» PROBLEM TO WORK ON:
Return every entry below word for word and leave out any picture.

» MATERIAL FOR THIS TASK:
+--

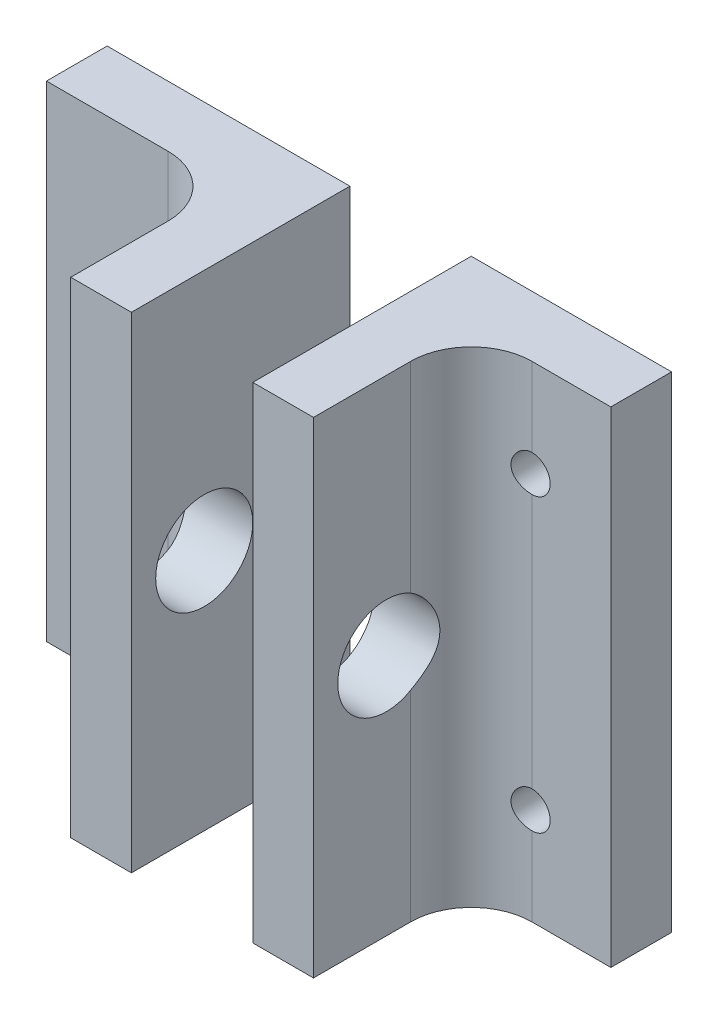
from build123d import *

# Parameters (mm, degrees)
BOSS_EXTRUDE1_DEPTH     = 20
BOSS_EXTRUDE1_2_DEPTH   = 20
CUT_EXTRUDE1_DEPTH      = 45.147480109
CUT_EXTRUDE1_DEPTH_BACK = 45.147480109
SKETCH2_R               = 4
CUT_EXTRUDE2_DEPTH      = 37.728735399
CUT_EXTRUDE2_DEPTH_BACK = 37.728735399
SKETCH3_R               = 1.5
CUT_EXTRUDE3_DEPTH      = 37.728735399
CUT_EXTRUDE3_DEPTH_BACK = 37.728735399
SKETCH4_W               = 3.5
SKETCH4_H               = 40


with BuildPart() as part:
    # Sketch1 → Boss-Extrude1 (new, symmetric)
    with BuildSketch(Plane(origin=(0, 0, 0), x_dir=(1, 0, 0), z_dir=(0, 1, 0))):
        with BuildLine():
            Line((-5, 18), (-5, 0))
            Line((-5, 0), (-10, 0))
            Line((-10, 0), (-10, 8))
            ThreePointArc((-10, 8), (-11.464466094, 11.535533906), (-15, 13))
            Line((-15, 13), (-25, 13))
            Line((-25, 13), (-25, 18))
            Line((-25, 18), (-5, 18))
        make_face()
    extrude(amount=BOSS_EXTRUDE1_DEPTH, both=True)


with BuildPart() as body_2:
    # Sketch1 → Boss-Extrude1 2 (new, symmetric)
    with BuildSketch(Plane(origin=(0, 0, 0), x_dir=(1, 0, 0), z_dir=(0, 1, 0))):
        with BuildLine():
            Line((25, 18), (5, 18))
            Line((5, 18), (5, 0))
            Line((5, 0), (10, 0))
            Line((10, 0), (10, 8))
            ThreePointArc((10, 8), (11.464466094, 11.535533906), (15, 13))
            Line((15, 13), (25, 13))
            Line((25, 13), (25, 18))
        make_face()
    extrude(amount=BOSS_EXTRUDE1_2_DEPTH, both=True)


with BuildPart() as cut_extrude1_tool:
    # Sketch2 → Cut-Extrude1 (new, two sides: drawn at the far end of the back side and taken through both)
    with BuildSketch(Plane(origin=(10, 0, 0), x_dir=(0, 0, -1), z_dir=(1, 0, 0)).offset(-CUT_EXTRUDE1_DEPTH_BACK)):
        with Locations((6, 0)):
            Circle(SKETCH2_R)
    extrude(amount=CUT_EXTRUDE1_DEPTH + CUT_EXTRUDE1_DEPTH_BACK)


with BuildPart() as part_1:
    add(part.part)

    # Cut-Extrude1: cut by cut_extrude1_tool
    add(cut_extrude1_tool.part, mode=Mode.SUBTRACT)


with BuildPart() as body_2_1:
    add(body_2.part)

    # Cut-Extrude1: cut by cut_extrude1_tool
    add(cut_extrude1_tool.part, mode=Mode.SUBTRACT)


with BuildPart() as cut_extrude2_tool:
    # Sketch3 → Cut-Extrude2 (new, two sides: drawn at the far end of the back side and taken through both)
    with BuildSketch(Plane(origin=(0, 0, -18), x_dir=(-1, 0, 0), z_dir=(0, 0, -1)).offset(-CUT_EXTRUDE2_DEPTH_BACK)):
        with Locations(Location((-15, -12, 0), (0, 0, 90))):
            Circle(SKETCH3_R)
        with Locations(Location((-15, 12, 0), (0, 0, 90))):
            Circle(SKETCH3_R)
        with Locations(Location((15, 12, 0), (0, 0, 90))):
            Circle(SKETCH3_R)
        with Locations(Location((15, -12, 0), (0, 0, 90))):
            Circle(SKETCH3_R)
    extrude(amount=CUT_EXTRUDE2_DEPTH + CUT_EXTRUDE2_DEPTH_BACK)


with BuildPart() as part_2:
    add(part_1.part)

    # Cut-Extrude2: cut by cut_extrude2_tool
    add(cut_extrude2_tool.part, mode=Mode.SUBTRACT)


with BuildPart() as body_2_2:
    add(body_2_1.part)

    # Cut-Extrude2: cut by cut_extrude2_tool
    add(cut_extrude2_tool.part, mode=Mode.SUBTRACT)

    # Sketch4 → Cut-Extrude3 (cut, two sides: drawn at the far end of the back side and taken through both)
    with BuildSketch(Plane(origin=(0, 0, -18), x_dir=(-1, 0, 0), z_dir=(0, 0, -1)).offset(-CUT_EXTRUDE3_DEPTH_BACK)):
        with Locations((-23.25, 0)):
            Rectangle(SKETCH4_W, SKETCH4_H)
    extrude(amount=CUT_EXTRUDE3_DEPTH + CUT_EXTRUDE3_DEPTH_BACK, mode=Mode.SUBTRACT)


solid = Compound([part_2.part, body_2_2.part])

+--

» YOUR SOLUTION:
from build123d import *

# Parameters (mm, degrees)
BOSS_EXTRUDE1_DEPTH     = 20
BOSS_EXTRUDE1_2_DEPTH   = 20
CUT_EXTRUDE1_DEPTH      = 45.147480109
CUT_EXTRUDE1_DEPTH_BACK = 45.147480109
SKETCH2_R               = 4
CUT_EXTRUDE2_DEPTH      = 37.728735399
CUT_EXTRUDE2_DEPTH_BACK = 37.728735399
SKETCH3_R               = 1.5
CUT_EXTRUDE3_DEPTH      = 37.728735399
CUT_EXTRUDE3_DEPTH_BACK = 37.728735399
SKETCH4_W               = 3.5
SKETCH4_H               = 40


with BuildPart() as part:
    # Sketch1 → Boss-Extrude1 (new, symmetric)
    with BuildSketch(Plane(origin=(0, 0, 0), x_dir=(1, 0, 0), z_dir=(0, 1, 0))):
        with BuildLine():
            Line((-5, 18), (-5, 0))
            Line((-5, 0), (-10, 0))
            Line((-10, 0), (-10, 8))
            ThreePointArc((-10, 8), (-11.464466094, 11.535533906), (-15, 13))
            Line((-15, 13), (-25, 13))
            Line((-25, 13), (-25, 18))
            Line((-25, 18), (-5, 18))
        make_face()
    extrude(amount=BOSS_EXTRUDE1_DEPTH, both=True)


with BuildPart() as body_2:
    # Sketch1 → Boss-Extrude1 2 (new, symmetric)
    with BuildSketch(Plane(origin=(0, 0, 0), x_dir=(1, 0, 0), z_dir=(0, 1, 0))):
        with BuildLine():
            Line((25, 18), (5, 18))
            Line((5, 18), (5, 0))
            Line((5, 0), (10, 0))
            Line((10, 0), (10, 8))
            ThreePointArc((10, 8), (11.464466094, 11.535533906), (15, 13))
            Line((15, 13), (25, 13))
            Line((25, 13), (25, 18))
        make_face()
    extrude(amount=BOSS_EXTRUDE1_2_DEPTH, both=True)


with BuildPart() as cut_extrude1_tool:
    # Sketch2 → Cut-Extrude1 (new, two sides: drawn at the far end of the back side and taken through both)
    with BuildSketch(Plane(origin=(10, 0, 0), x_dir=(0, 0, -1), z_dir=(1, 0, 0)).offset(-CUT_EXTRUDE1_DEPTH_BACK)):
        with Locations((6, 0)):
            Circle(SKETCH2_R)
    extrude(amount=CUT_EXTRUDE1_DEPTH + CUT_EXTRUDE1_DEPTH_BACK)


with BuildPart() as part_1:
    add(part.part)

    # Cut-Extrude1: cut by cut_extrude1_tool
    add(cut_extrude1_tool.part, mode=Mode.SUBTRACT)


with BuildPart() as body_2_1:
    add(body_2.part)

    # Cut-Extrude1: cut by cut_extrude1_tool
    add(cut_extrude1_tool.part, mode=Mode.SUBTRACT)


with BuildPart() as cut_extrude2_tool:
    # Sketch3 → Cut-Extrude2 (new, two sides: drawn at the far end of the back side and taken through both)
    with BuildSketch(Plane(origin=(0, 0, -18), x_dir=(-1, 0, 0), z_dir=(0, 0, -1)).offset(-CUT_EXTRUDE2_DEPTH_BACK)):
        with Locations(Location((-15, -12, 0), (0, 0, 90))):
            Circle(SKETCH3_R)
        with Locations(Location((-15, 12, 0), (0, 0, 90))):
            Circle(SKETCH3_R)
        with Locations(Location((15, 12, 0), (0, 0, 90))):
            Circle(SKETCH3_R)
        with Locations(Location((15, -12, 0), (0, 0, 90))):
            Circle(SKETCH3_R)
    extrude(amount=CUT_EXTRUDE2_DEPTH + CUT_EXTRUDE2_DEPTH_BACK)


with BuildPart() as part_2:
    add(part_1.part)

    # Cut-Extrude2: cut by cut_extrude2_tool
    add(cut_extrude2_tool.part, mode=Mode.SUBTRACT)


with BuildPart() as body_2_2:
    add(body_2_1.part)

    # Cut-Extrude2: cut by cut_extrude2_tool
    add(cut_extrude2_tool.part, mode=Mode.SUBTRACT)

    # Sketch4 → Cut-Extrude3 (cut, two sides: drawn at the far end of the back side and taken through both)
    with BuildSketch(Plane(origin=(0, 0, -18), x_dir=(-1, 0, 0), z_dir=(0, 0, -1)).offset(-CUT_EXTRUDE3_DEPTH_BACK)):
        with Locations((-23.25, 0)):
            Rectangle(SKETCH4_W, SKETCH4_H)
    extrude(amount=CUT_EXTRUDE3_DEPTH + CUT_EXTRUDE3_DEPTH_BACK, mode=Mode.SUBTRACT)


solid = Compound([part_2.part, body_2_2.part])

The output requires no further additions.